# Hallie Madison Owens-Bennett 21/04/90



## Amy-Lea

My Birth Story

Monday 21st April 2008, my 18th birthday, I awoke at 5.22 am, to my waters gushing all over my bed.
I went to the bathroom and discovered my mucus plug had come away too. I woke up my boyfriend 
and mother and I had a hot bath and then we all went downstairs. I had a lovely time opening up my
birthday presents and within the hour I was having regular contractions between 7 and 3 minutes. I had 
never anticipated them to become so regular so quickly! I was in quite a lot of pain expecially in my 
back as baby was in posterior position (back to back). By the time i got to the hospital at 7.45 am i got
taken straight up to a midwife led unit. I had 2 codeine tablets to kill the pain however it wasn't working
so I went on the gas and air. Within seconds I was relived with the gas and air however it caused me to 
projectile vomit poached eggs all over my mums trousers!!! At 9.30 am my back pain become so intense
that i asked for a diamorphine injection in my thigh after i had my internal to discover I was only 3 cm dilated. 
At 10.20 am I had a second internal discovering I was 10 cm. I had a bit of a rest and at 10.40 am I made my way 
to the toilet as i felt her head between my legs, 3 pushes later standing over the bathroom sink, I delivered
Hallie at 10.48 am, i was so lucky the delivery came at such a ease and I have no tears and need no stitches.
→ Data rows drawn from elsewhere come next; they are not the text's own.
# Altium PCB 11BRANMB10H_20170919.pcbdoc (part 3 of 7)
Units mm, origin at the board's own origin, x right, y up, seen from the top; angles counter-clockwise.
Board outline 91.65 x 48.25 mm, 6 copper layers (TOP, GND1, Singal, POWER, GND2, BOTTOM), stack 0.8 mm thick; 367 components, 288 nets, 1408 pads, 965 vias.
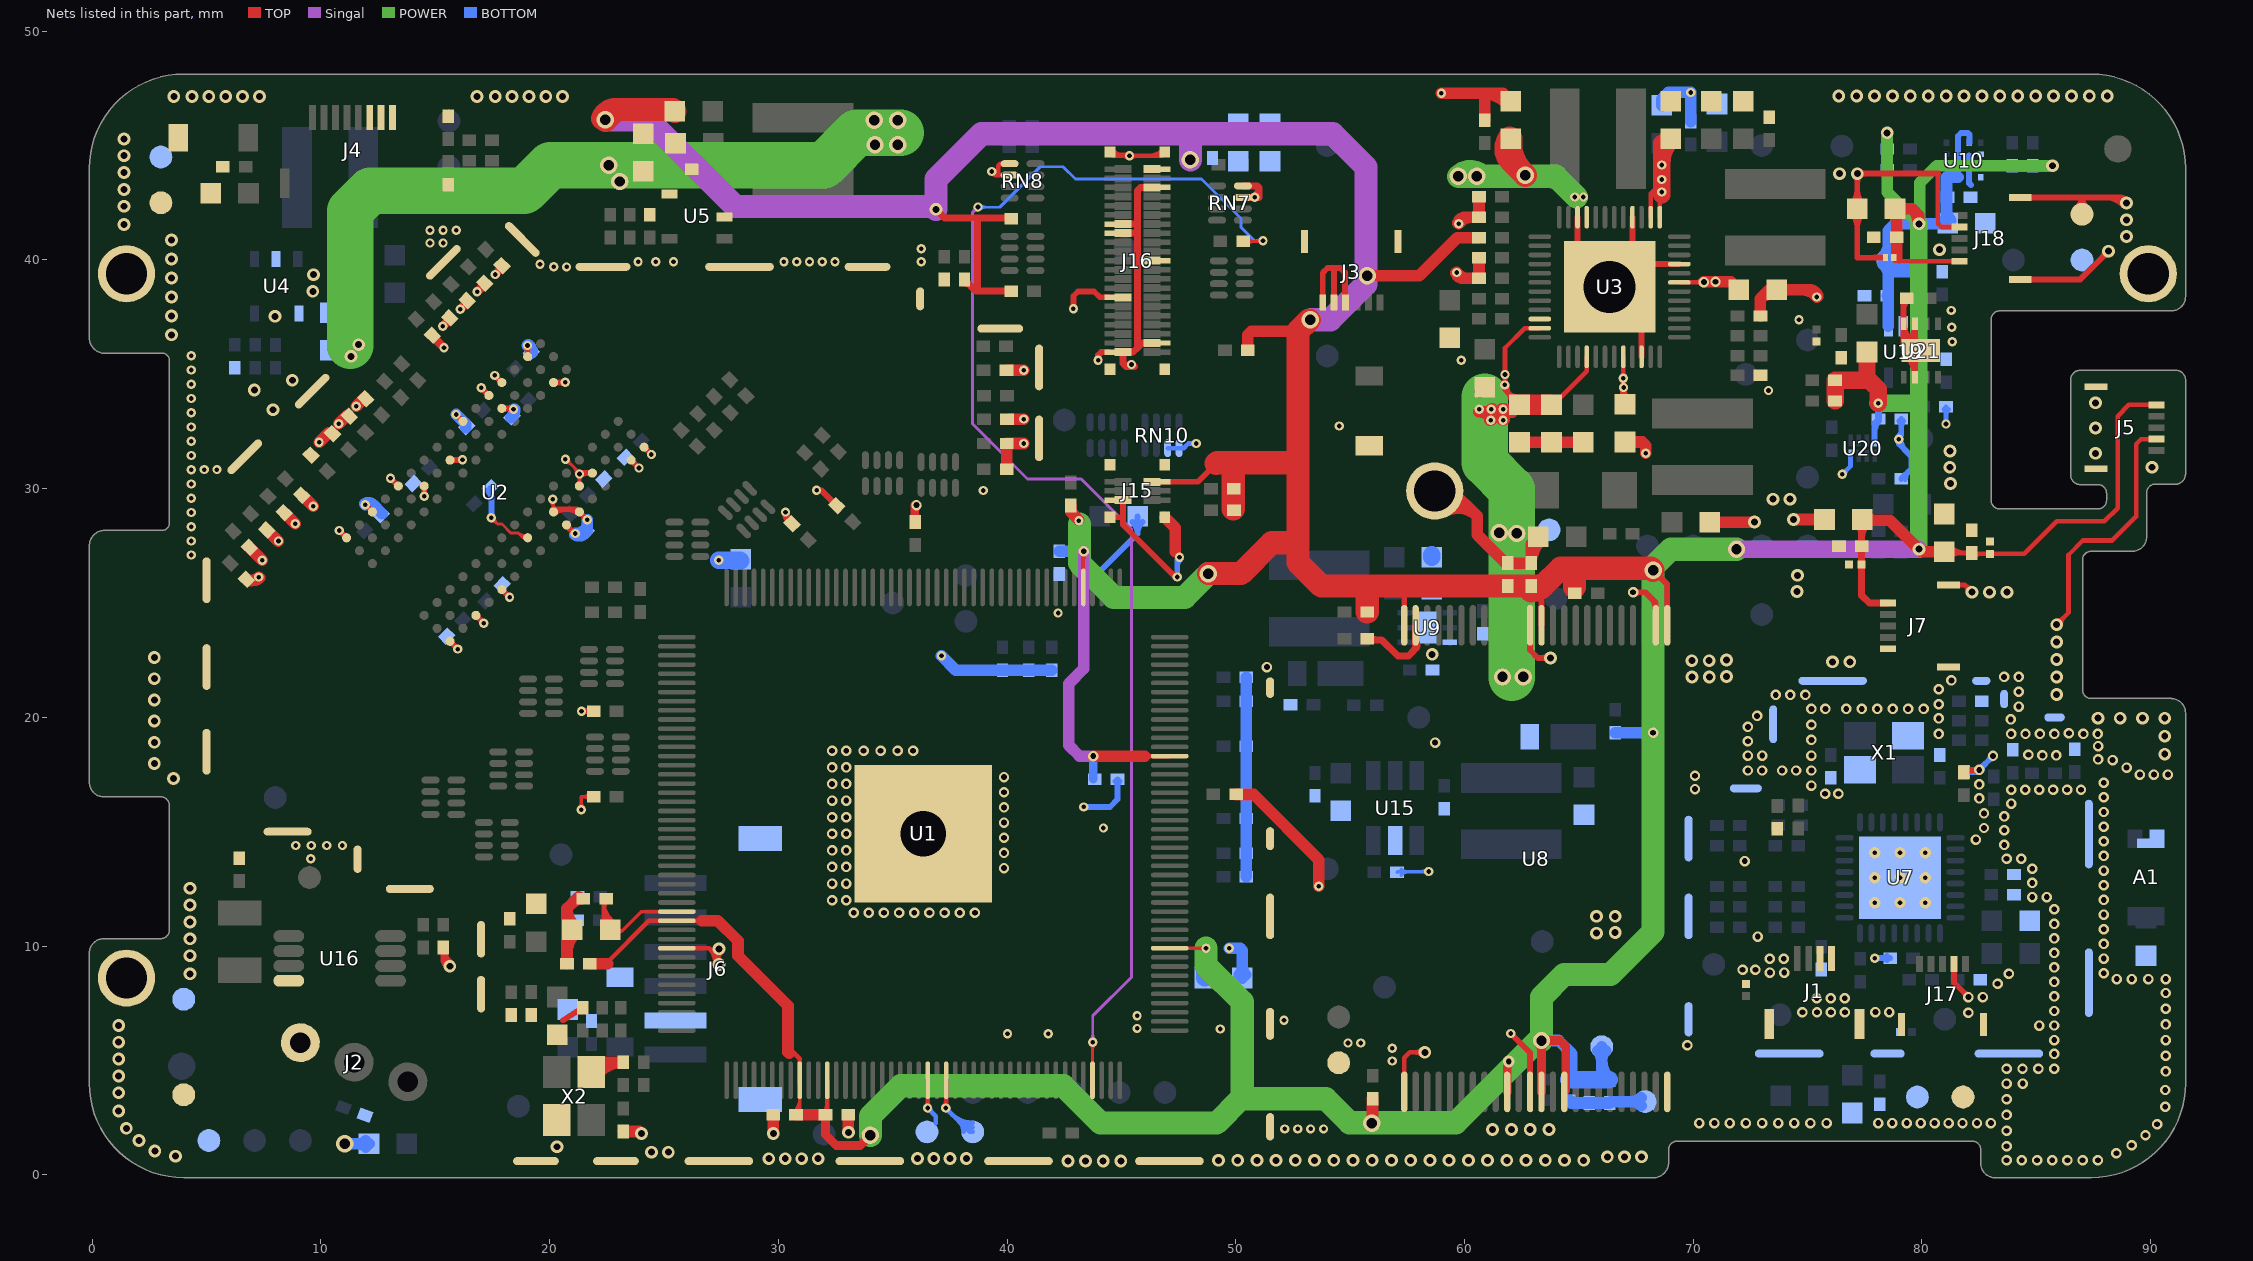
[diagram p7: the nets of this part, all layers, seen from the top]

## Via types
v1: diameter 0.406, hole 0.203, TOP to BOTTOM, tented both sides, 427 vias
v2: diameter 0.457, hole 0.254, TOP to BOTTOM, tented both sides, 256 vias
v3: diameter 0.559, hole 0.305, TOP to BOTTOM, tented both sides, 192 vias
v4: diameter 0.762, hole 0.457, TOP to BOTTOM, tented both sides, 69 vias
v5: diameter 0.61, hole 0.33, TOP to BOTTOM, tented both sides, 11 vias
v6: diameter 0.5, hole 0.2, TOP to BOTTOM, 9 vias
v7: diameter 0.508, hole 0.254, TOP to BOTTOM, tented both sides, 1 vias

## Nets (pads, with @x,y where several pads share a name; then routed paths per layer and width w, separated by ;. In a path a pad name is that pad's centre, name@x,y a point inside that pad or via, vN(x,y) a via of type N, cw(c..) or ccw(c..) an arc to the next point about the centre after c; other vN are vias at no path point) (continued)
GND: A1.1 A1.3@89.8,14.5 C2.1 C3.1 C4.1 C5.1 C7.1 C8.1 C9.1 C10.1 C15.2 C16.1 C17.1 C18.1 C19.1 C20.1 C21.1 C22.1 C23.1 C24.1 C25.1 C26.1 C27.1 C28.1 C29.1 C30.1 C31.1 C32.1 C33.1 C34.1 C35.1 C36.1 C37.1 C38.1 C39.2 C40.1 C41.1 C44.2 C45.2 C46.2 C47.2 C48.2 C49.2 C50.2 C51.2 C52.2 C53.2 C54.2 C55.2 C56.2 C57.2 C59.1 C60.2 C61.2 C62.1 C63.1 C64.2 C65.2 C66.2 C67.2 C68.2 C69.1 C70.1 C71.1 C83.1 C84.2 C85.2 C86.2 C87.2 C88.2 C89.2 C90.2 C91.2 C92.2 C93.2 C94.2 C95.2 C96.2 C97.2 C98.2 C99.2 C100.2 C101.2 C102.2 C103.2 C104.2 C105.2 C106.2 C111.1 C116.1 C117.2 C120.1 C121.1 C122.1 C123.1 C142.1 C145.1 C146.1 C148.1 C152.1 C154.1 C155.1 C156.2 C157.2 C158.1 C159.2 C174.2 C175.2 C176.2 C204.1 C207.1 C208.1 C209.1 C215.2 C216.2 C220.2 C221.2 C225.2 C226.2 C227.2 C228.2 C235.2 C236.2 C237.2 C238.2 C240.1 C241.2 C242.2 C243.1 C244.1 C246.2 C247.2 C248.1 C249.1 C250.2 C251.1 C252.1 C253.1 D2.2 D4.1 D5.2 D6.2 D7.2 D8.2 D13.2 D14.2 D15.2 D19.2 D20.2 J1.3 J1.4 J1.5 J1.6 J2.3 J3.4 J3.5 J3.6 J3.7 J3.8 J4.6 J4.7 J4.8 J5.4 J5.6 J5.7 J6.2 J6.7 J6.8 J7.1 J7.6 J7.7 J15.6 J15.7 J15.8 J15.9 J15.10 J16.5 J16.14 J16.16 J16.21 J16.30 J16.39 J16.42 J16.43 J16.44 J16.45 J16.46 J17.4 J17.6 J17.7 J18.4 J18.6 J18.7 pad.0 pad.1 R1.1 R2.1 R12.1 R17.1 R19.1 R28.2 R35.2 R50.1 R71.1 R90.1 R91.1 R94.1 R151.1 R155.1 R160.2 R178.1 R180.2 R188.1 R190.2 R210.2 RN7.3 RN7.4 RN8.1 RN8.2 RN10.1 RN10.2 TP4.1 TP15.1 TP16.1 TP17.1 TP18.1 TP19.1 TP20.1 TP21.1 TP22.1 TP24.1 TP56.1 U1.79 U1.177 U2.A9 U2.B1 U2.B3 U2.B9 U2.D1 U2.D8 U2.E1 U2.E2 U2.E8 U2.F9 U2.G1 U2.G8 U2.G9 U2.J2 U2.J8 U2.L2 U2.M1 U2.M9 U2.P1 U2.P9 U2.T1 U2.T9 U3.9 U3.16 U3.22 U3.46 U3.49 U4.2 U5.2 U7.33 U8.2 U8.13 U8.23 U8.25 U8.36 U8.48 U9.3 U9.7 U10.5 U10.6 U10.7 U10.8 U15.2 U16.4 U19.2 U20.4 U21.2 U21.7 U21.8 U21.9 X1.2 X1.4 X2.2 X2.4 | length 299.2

https://i280.photobucket.com/albums/kk196/halliemadison/100_0759.jpg


----------



## Nikkinoonoo

Congratulations, Shes a little cracker :) How much did she weigh? xXx


----------



## Jem

Ahh she's lovely! Congratulations! I hope my birth is as good as that! xxx


----------



## maddiwatts19

Aww hun! Congratulations!
She is absolutly stunning, just like her mummy! 
Glad it all went so smoothly! 
lots of love and hugs to you both
xxxxxxxxxx


----------



## Jo

Congratulations
she is gorgeous :)


----------



## Emmea12uk

Awwwwwwwwwwwwwwwwwwwwwwwwwwwwwwwwwwwwwwwwwwwwwwwwwwwwwwwwwwwwwwwwwwwwwwwwwwwwwwwwwww CONGRATS!!!!! How much did she weigh??


----------



## elles28

Congrats...your little daughter is beautiful :cloud9:


----------



## bigbelly2

bless....

im so pleased for you and your family, she is gorgeous, heres to happy times galore ahead!!

hayley x


----------



## sarah29

Congratulations on your gorgeous little girl! x


----------



## Vickie

Congratulations! She's beautiful


----------



## Amy-Lea

she was 7lb13oz, thanks everyone.


----------



## Tilly

Awww, shes perfect.. bless her.

Glad to hear it went well. :)


----------



## Serene123

What a beautiful baby! Congratulations


----------



## clairebear

she is beautiful congratshun xxx
so pleased u had a quick birth xxxx


----------



## Jenelle

*Awwwwww!!! CONGRATS, she is sooo precious!! *


----------



## polo_princess

Congrats sweetie!!


----------



## supernurse

Congratulations to you, she is adorable. Glad everything went smoothly....and quickly. xx


----------



## fifi83

Congratulations she is gorgeous x


----------



## turbo_mom

Congrats shes adorable :D


----------



## Tezzy

wow shes lovely! well done!


----------



## xxleannexx

congratulations, sounds like a nice labour! xxx


----------



## Kooky

Shes beautiful, well done you :)


----------



## nikky0907

Congratulations,she is beautiful and it sounds like an easy labor!


----------



## lynz

congrats hun she is gorgeous:hug:


----------



## goldlion

Congrats Amy!


----------



## x-amy-x

Congratulations hun, she is beautiful


xx


----------



## bluebell

Congratulations hon - what a birthday present!! :cloud9: She looks beautiful.

xx


----------



## Louisa K

Aww Amy I love your birth story!! You done really good, she's soooooo cute!!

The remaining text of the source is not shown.